First you have a lot of ambision/w this hill on the left. Second where are you going to put the plant cause I only see room for one maybe two in there...LOL...
No seriously cut a piece of that foam board or just white paper but the actual size of the bottom of the tank. This will make seeing the rocks "in the tank" easier. Put the rocks on the board.
We might better help that way.


----------



## Solcielo lawrencia (Dec 30, 2013)

You need to start with a vision, not just an idea. What do you want it to look like exactly? This is where a pencil and paper pad come in very handy. You should spend at least a couple of hours planning it out on sheets of paper. Very very few people do the necessary thinking, and instead jump right into putting it together with disastrous/hideous results. I also recommend looking at hundreds of photos and paintings of mountains over a period of a couple of weeks minimum so you really know what a mountain looks like.


----------



## Squiner (Dec 27, 2013)

Raymond S. said:


> First you have a lot of ambision/w this hill on the left. Second where are you going to put the plant cause I only see room for one maybe two in there...LOL...
> No seriously cut a piece of that foam board or just white paper but the actual size of the bottom of the tank. This will make seeing the rocks "in the tank" easier. Put the rocks on the board.
> We might better help that way.


Thanks for getting this going Raymond. The pink foam board under the rocks is the footprint of the tank. It is about four inches short front to back so the 2"x6" board is used to represent the actual footprint. I had to shorten it so I can fit it in the tank and get past the overflow.

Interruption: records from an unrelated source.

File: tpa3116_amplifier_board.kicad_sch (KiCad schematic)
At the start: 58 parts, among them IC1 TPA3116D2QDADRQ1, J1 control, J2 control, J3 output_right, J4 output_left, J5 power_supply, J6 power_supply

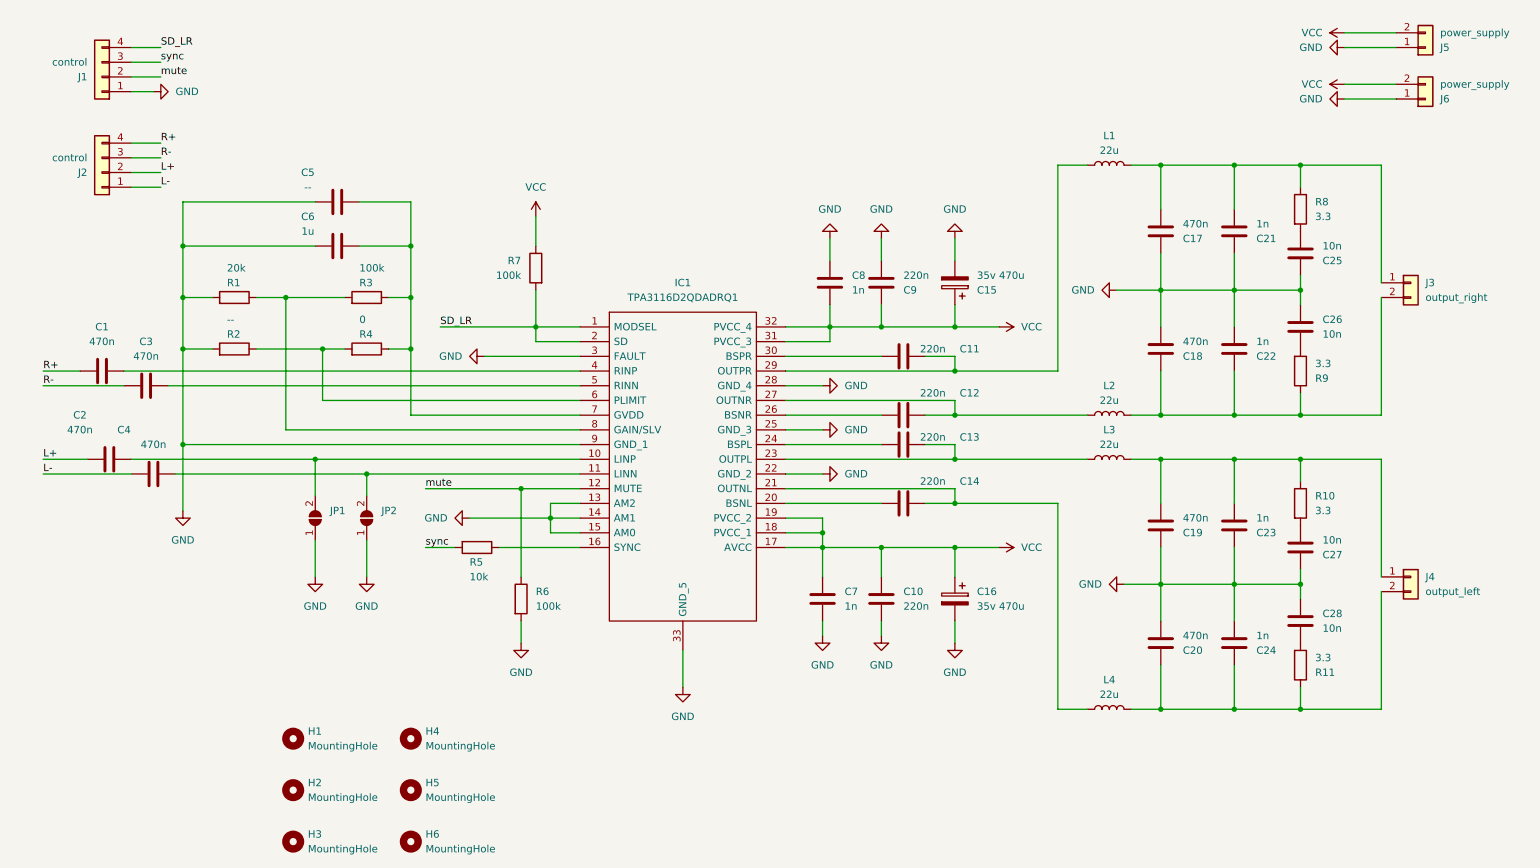
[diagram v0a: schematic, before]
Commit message: Переделал в pbtl версию
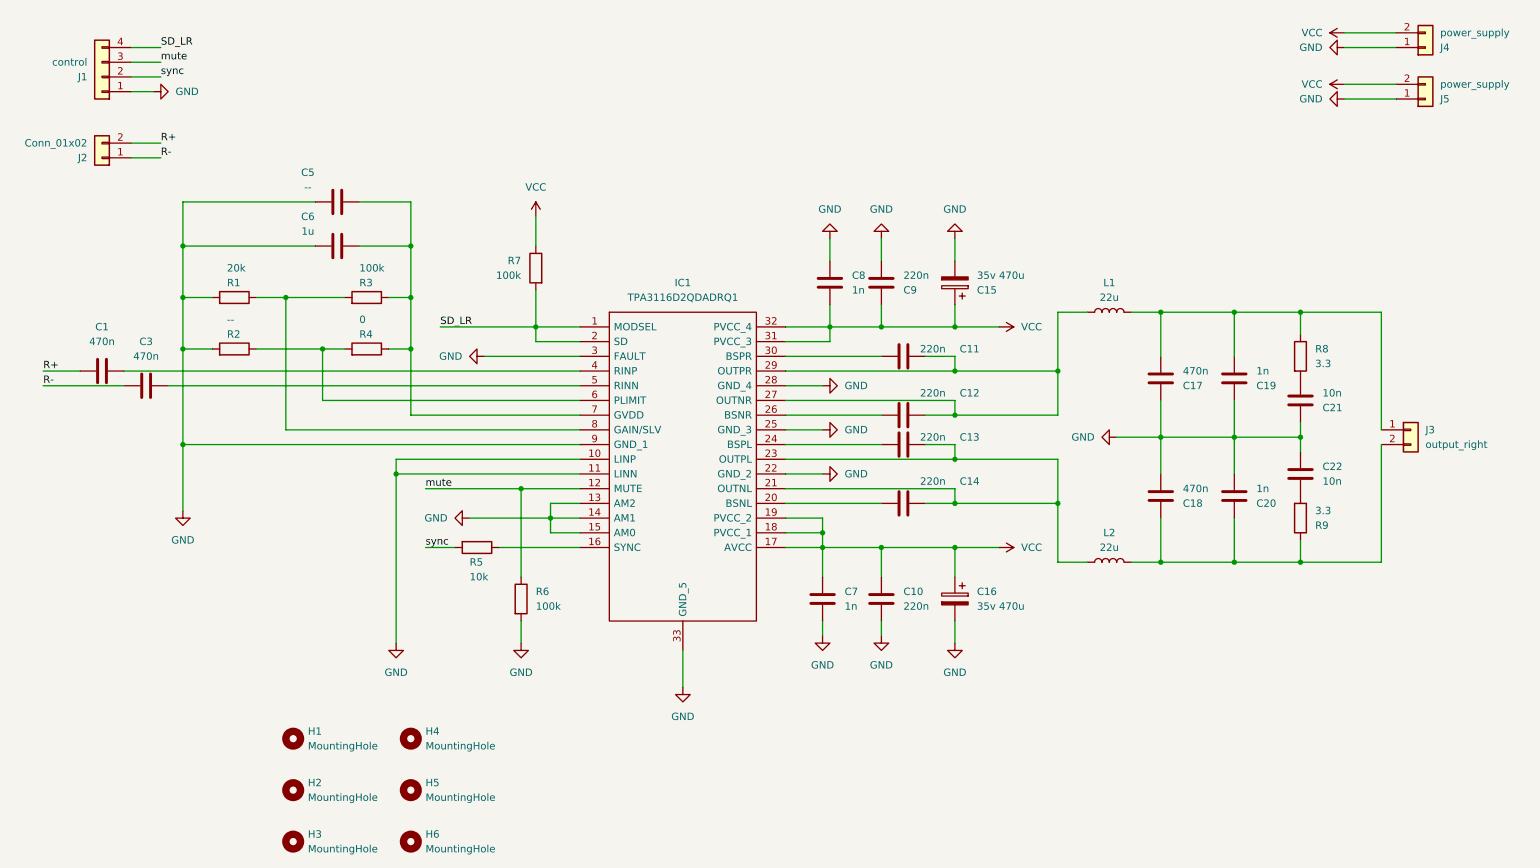
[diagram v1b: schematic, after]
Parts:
- removed C18, C19, C2, C4: 470n, Capacitor_THT:C_Rect_L7.0mm_W4.5mm_P5.00mm, symbol Device:C
- removed C22, C23: 1n, Capacitor_SMD:C_0603_1608Metric, symbol Device:C
- removed C26, C27: 10n, Capacitor_SMD:C_0603_1608Metric, symbol Device:C
- removed J2: control, Connector_Wire:SolderWire-0.25sqmm_1x04_P4.2mm_D0.65mm_OD1.7mm, symbol Connector_Generic:Conn_01x04
- removed J4: output_left, Connector_Wire:SolderWire-1sqmm_1x02_P5.4mm_D1.4mm_OD2.7mm, symbol Connector_Generic:Conn_01x02
- removed JP1, JP2: SolderJumper_2_Open, Jumper:SolderJumper-2_P1.3mm_Open_RoundedPad1.0x1.5mm, symbol Jumper:SolderJumper_2_Open
- removed L2, L3: 22u, Inductor_SMD:L_12x12mm_H8mm, symbol Device:L
- removed R10, R9: 3.3, Resistor_SMD:R_0603_1608Metric, symbol Device:R
- added J2: Conn_01x02, Connector_Wire:SolderWire-0.25sqmm_1x02_P4.2mm_D0.65mm_OD1.7mm, symbol Connector_Generic:Conn_01x02
- renumbered C20 to C18, C21 to C19, C24 to C20, C25 to C21, C28 to C22, J5 to J4, J6 to J5, L4 to L2, R11 to R9
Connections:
- net GND: now also IC1.10 (LINP), IC1.11 (LINN)
- net R+: now also J2.2 (Pin_2)
- net R-: now also J2.1 (Pin_1)
- net mute: now also J1.3 (Pin_3); no longer J1.2 (Pin_2)
- net sync: now also J1.2 (Pin_2); no longer J1.3 (Pin_3)
- net at C18.1, C20.1, L2.2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: now also J3.2 (Pin_2)
- net at C13.1, IC1.23 (OUTPL): now also C14.1, IC1.21 (OUTNL), L2.1
- net at C11.1, IC1.29 (OUTPR), L1.1: now also C12.1, IC1.27 (OUTNR)
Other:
- moved on the sheet: C17, C18, C19, C20, C21, C22, J3, L1, L2, R8, R9

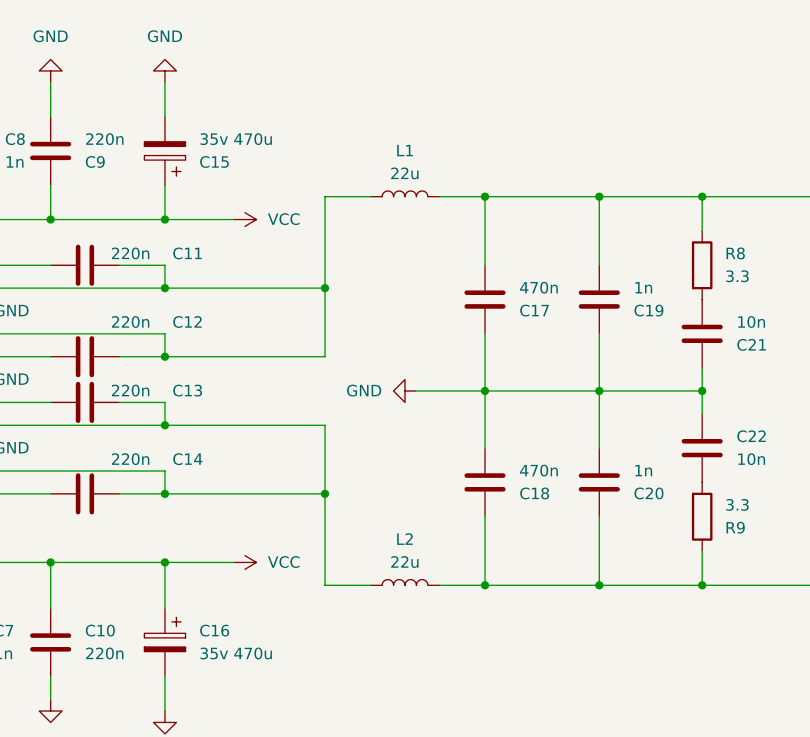
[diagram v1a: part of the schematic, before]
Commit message: Заменил пленочные выводные конденсаторы в фильтре на SMD
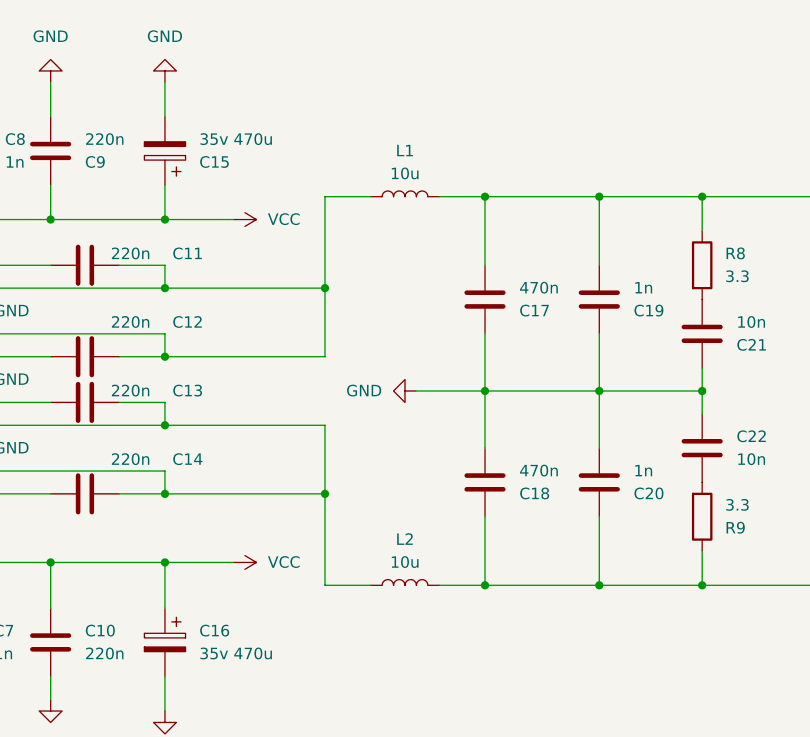
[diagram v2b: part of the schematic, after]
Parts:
- C17, C18: footprint Capacitor_THT:C_Rect_L7.0mm_W4.5mm_P5.00mm -> Capacitor_SMD:C_1812_4532Metric
- L1, L2: value 22u -> 10u
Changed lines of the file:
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@@
       (effects (font (size 1.27 1.27)) (justify left))
     )
-    (property "Footprint" "Capacitor_THT:C_Rect_L7.0mm_W4.5mm_P5.00mm" (at 215.5952 88.9 0)
+    (property "Footprint" "Capacitor_SMD:C_1812_4532Metric" (at 215.5952 88.9 0)
       (effects (font (size 1.27 1.27)) hide)
     )
@@
       (effects (font (size 1.27 1.27)))
     )
-    (property "Value" "22u" (at 205.74 121.92 90)
+    (property "Value" "10u" (at 205.74 121.92 90)
       (effects (font (size 1.27 1.27)))
     )
@@
       (effects (font (size 1.27 1.27)))
     )
-    (property "Value" "22u" (at 205.74 78.74 90)
+    (property "Value" "10u" (at 205.74 78.74 90)
       (effects (font (size 1.27 1.27)))
     )
@@
       (effects (font (size 1.27 1.27)) (justify left))
     )
-    (property "Footprint" "Capacitor_THT:C_Rect_L7.0mm_W4.5mm_P5.00mm" (at 215.5952 109.22 0)
-      (effects (font (size 1.27 1.27)) hide)
-    )
+    (property "Footprint" "Capacitor_SMD:C_1812_4532Metric" (at 215.5952 109.22 0)
+      (effects (font (size 1.27 1.27)) hide)
+    )

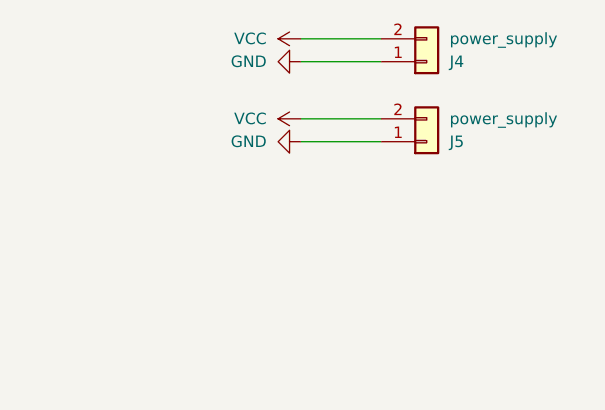
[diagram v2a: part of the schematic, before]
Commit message: Уменьшил размер платы
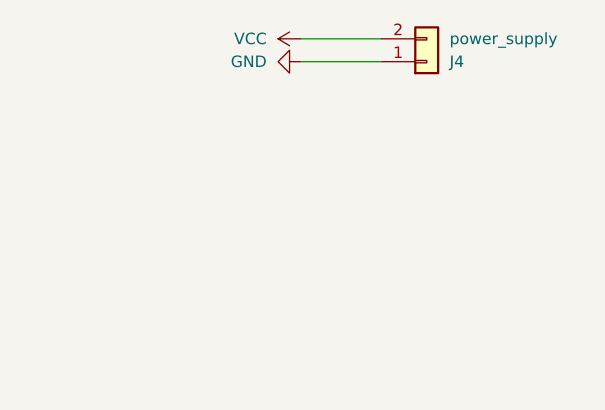
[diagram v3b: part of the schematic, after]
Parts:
- removed J5: power_supply, Connector_Wire:SolderWire-1sqmm_1x02_P5.4mm_D1.4mm_OD2.7mm, symbol Connector_Generic:Conn_01x02
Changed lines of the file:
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@@
-    (stroke (width 0) (type default))
-  )
-  (wire (pts (xy 246.38 41.91) (xy 255.27 41.91))
     (stroke (width 0) (type default))
   )
@@
   )
   (wire (pts (xy 166.37 83.82) (xy 179.07 83.82))
-    (stroke (width 0) (type default))
-  )
-  (wire (pts (xy 246.38 44.45) (xy 255.27 44.45))
     (stroke (width 0) (type default))
   )
@@
     )
   )
-  (symbol (lib_id "Connector_Generic:Conn_01x02") (at 260.35 44.45 0) (mirror x) (unit 1)
-    (in_bom yes) (on_board yes) (dnp no)
-    (property "Reference" "J5" (at 262.89 44.45 0)
-      (effects (font (size 1.27 1.27)) (justify left))
-    )
-    (property "Value" "power_supply" (at 262.89 41.91 0)
-      (effects (font (size 1.27 1.27)) (justify left))
-    )
-    (property "Footprint" "Connector_Wire:SolderWire-1sqmm_1x02_P5.4mm_D1.4mm_OD2.7mm" (at 260.35 44.45 0)
-      (effects (font (size 1.27 1.27)) hide)
-    )
-    (property "Datasheet" "~" (at 260.35 44.45 0)
-      (effects (font (size 1.27 1.27)) hide)
-    )
-    (pin "1")
-    (pin "2")
-    (instances
-      (project "tpa3116_amplifier_board"
-        (path "/d7856d41-bcae-4bc4-ad9f-ba9483713084"
-          (reference "J5") (unit 1)
-        )
-      )
-    )
-  )
   (symbol (lib_id "Device:C") (at 31.75 91.44 90) (unit 1)
     (in_bom yes) (on_board yes) (dnp no) (fields_autoplaced)
@@
         (path "/d7856d41-bcae-4bc4-ad9f-ba9483713084"
           (reference "C5") (unit 1)
-        )
-      )
-    )
-  )
-  (symbol (lib_id "power:GND") (at 246.38 44.45 270) (unit 1)
-    (in_bom yes) (on_board yes) (dnp no) (fields_autoplaced)
-    (property "Reference" "#PWR025" (at 240.03 44.45 0)
-      (effects (font (size 1.27 1.27)) hide)
-    )
-    (property "Value" "GND" (at 242.57 44.45 90)
-      (effects (font (size 1.27 1.27)) (justify right))
-    )
-    (property "Footprint" "" (at 246.38 44.45 0)
-      (effects (font (size 1.27 1.27)) hide)
-    )
-    (property "Datasheet" "" (at 246.38 44.45 0)
-      (effects (font (size 1.27 1.27)) hide)
-    )
-    (pin "1")
-    (instances
-      (project "tpa3116_amplifier_board"
-        (path "/d7856d41-bcae-4bc4-ad9f-ba9483713084"
-          (reference "#PWR025") (unit 1)
         )
       )
@@
         )
       )
-    )
-  )
-  (symbol (lib_id "power:VCC") (at 246.38 41.91 90) (unit 1)
-    (in_bom yes) (on_board yes) (dnp no) (fields_autoplaced)
-    (property "Reference" "#PWR024" (at 250.19 41.91 0)
-      (effects (font (size 1.27 1.27)) hide)
-    )
-    (property "Value" "VCC" (at 242.57 41.91 90)
-      (effects (font (size 1.27 1.27)) (justify left))
-    )
-    (property "Footprint" "" (at 246.38 41.91 0)
-      (effects (font (size 1.27 1.27)) hide)
-    )
-    (property "Datasheet" "" (at 246.38 41.91 0)
-      (effects (font (size 1.27 1.27)) hide)
-    )
-    (pin "1")
-    (instances
-      (project "tpa3116_amplifier_board"
-        (path "/d7856d41-bcae-4bc4-ad9f-ba9483713084"
-          (reference "#PWR024") (unit 1)
-        )
-      )

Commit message: Уменьшил размер коннекторов и подправил переходные отверстия
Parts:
- J3, J4: footprint Connector_Wire:SolderWire-1sqmm_1x02_P5.4mm_D1.4mm_OD2.7mm -> Connector_Wire:SolderWire-0.75sqmm_1x02_P4.8mm_D1.25mm_OD2.3mm
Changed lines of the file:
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@@
       (effects (font (size 1.27 1.27)) (justify left))
     )
-    (property "Footprint" "Connector_Wire:SolderWire-1sqmm_1x02_P5.4mm_D1.4mm_OD2.7mm" (at 260.35 35.56 0)
+    (property "Footprint" "Connector_Wire:SolderWire-0.75sqmm_1x02_P4.8mm_D1.25mm_OD2.3mm" (at 260.35 35.56 0)
       (effects (font (size 1.27 1.27)) hide)
     )
@@
       (effects (font (size 1.27 1.27)) (justify left))
     )
-    (property "Footprint" "Connector_Wire:SolderWire-1sqmm_1x02_P5.4mm_D1.4mm_OD2.7mm" (at 257.81 101.6 0)
-      (effects (font (size 1.27 1.27)) hide)
-    )
+    (property "Footprint" "Connector_Wire:SolderWire-0.75sqmm_1x02_P4.8mm_D1.25mm_OD2.3mm" (at 257.81 101.6 0)
+      (effects (font (size 1.27 1.27)) hide)
+    )

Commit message: Небольшие правки
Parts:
- C1, C3: footprint Capacitor_THT:C_Rect_L7.0mm_W4.5mm_P5.00mm -> Capacitor_THT:C_Rect_L7.0mm_W6.0mm_P5.00mm
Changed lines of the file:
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@@
       (effects (font (size 1.27 1.27)))
     )
-    (property "Footprint" "Capacitor_THT:C_Rect_L7.0mm_W4.5mm_P5.00mm" (at 35.56 90.4748 0)
+    (property "Footprint" "Capacitor_THT:C_Rect_L7.0mm_W6.0mm_P5.00mm" (at 35.56 90.4748 0)
       (effects (font (size 1.27 1.27)) hide)
     )
@@
       (effects (font (size 1.27 1.27)))
     )
-    (property "Footprint" "Capacitor_THT:C_Rect_L7.0mm_W4.5mm_P5.00mm" (at 43.18 93.0148 0)
-      (effects (font (size 1.27 1.27)) hide)
-    )
+    (property "Footprint" "Capacitor_THT:C_Rect_L7.0mm_W6.0mm_P5.00mm" (at 43.18 93.0148 0)
+      (effects (font (size 1.27 1.27)) hide)
+    )

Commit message: Небольшие правки
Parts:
- removed C5: --, Capacitor_SMD:C_0603_1608Metric, symbol Device:C
- removed J1: control, Connector_Wire:SolderWire-0.25sqmm_1x04_P4.2mm_D0.65mm_OD1.7mm, symbol Connector_Generic:Conn_01x04
- removed J2: Conn_01x02, Connector_Wire:SolderWire-0.25sqmm_1x02_P4.2mm_D0.65mm_OD1.7mm, symbol Connector_Generic:Conn_01x02
- added J1: power_supply, Connector_Wire:SolderWire-0.25sqmm_1x02_P4.2mm_D0.65mm_OD1.7mm, symbol Connector_Generic:Conn_01x02
- added J2: Conn_01x04, Connector_Wire:SolderWire-0.25sqmm_1x04_P4.2mm_D0.65mm_OD1.7mm, symbol Connector_Generic:Conn_01x04
- C1: footprint Capacitor_THT:C_Rect_L7.0mm_W6.0mm_P5.00mm -> Capacitor_THT:C_Rect_L7.0mm_W4.5mm_P5.00mm
- C2: renamed from C3; footprint Capacitor_THT:C_Rect_L7.0mm_W6.0mm_P5.00mm -> Capacitor_THT:C_Rect_L7.0mm_W4.5mm_P5.00mm
- renumbered C13 to C10, C14 to C11, C15 to C12, C16 to C13, C17 to C14, C18 to C15, C19 to C16, C20 to C17, C21 to C18, C22 to C19, C6 to C3, C7 to C4, C8 to C5, C9 to C6, C10 to C7, C11 to C8, C12 to C9, J4 to J3, J3 to J4
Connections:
- net GND: now also R8.1, R9.1, J2.1 (Pin_1); no longer C18.1, C19.1
- net R+: now also J1.2 (Pin_2)
- net R-: now also J1.1 (Pin_1)
- net SD_LR: now also J2.4 (Pin_4)
- net mute: now also J2.3 (Pin_3)
- net sync: now also J2.2 (Pin_2)
- net at C15.1, C17.1, J4.2 (Pin_2)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: now also C19.1; no longer R9.1
- net at C14.2, C16.2, J4.1 (Pin_1)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: now also C18.1; no longer R8.1
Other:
- moved on the sheet: C1, C18, C19, C2, J3, R1, R2, R8, R9

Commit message: переделал на разъемы
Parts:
- J1: footprint Connector_Wire:SolderWire-0.25sqmm_1x02_P4.2mm_D0.65mm_OD1.7mm -> Connector_JST:JST_EH_B2B-EH-A_1x02_P2.50mm_Vertical
- J2: footprint Connector_Wire:SolderWire-0.25sqmm_1x04_P4.2mm_D0.65mm_OD1.7mm -> Connector_JST:JST_EH_B4B-EH-A_1x04_P2.50mm_Vertical
- J3, J4: footprint Connector_Wire:SolderWire-0.75sqmm_1x02_P4.8mm_D1.25mm_OD2.3mm -> Connector_JST:JST_VH_B2P-VH-B_1x02_P3.96mm_Vertical
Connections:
- net at C14.2, C16.2, C18.1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: now also J4.2 (Pin_2); no longer J4.1 (Pin_1)
- net at C15.1, C17.1, C19.1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: now also J4.1 (Pin_1); no longer J4.2 (Pin_2)
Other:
- moved on the sheet: J4
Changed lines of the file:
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@@
     (stroke (width 0) (type default))
   )
-  (wire (pts (xy 252.73 104.14) (xy 252.73 124.46))
+  (wire (pts (xy 252.73 102.87) (xy 252.73 124.46))
     (stroke (width 0) (type default))
   )
@@
     (stroke (width 0) (type default))
   )
-  (wire (pts (xy 252.73 81.28) (xy 252.73 101.6))
+  (wire (pts (xy 252.73 81.28) (xy 252.73 100.33))
     (stroke (width 0) (type default))
   )
@@
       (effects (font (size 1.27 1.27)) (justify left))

The HC will go in between all the rocks and on a few flat open areas on the mountain. I see what you're saying though. I may need to cut back on some of the rock to have more flat area to the right side and front of the tank.


----------



## Squiner (Dec 27, 2013)

Solcielo lawrencia said:


> You need to start with a vision, not just an idea. What do you want it to look like exactly? This is where a pencil and paper pad come in very handy. You should spend at least a couple of hours planning it out on sheets of paper. Very very few people do the necessary thinking, and instead jump right into putting it together with disastrous/hideous results. I also recommend looking at hundreds of photos and paintings of mountains over a period of a couple of weeks minimum so you really know what a mountain looks like.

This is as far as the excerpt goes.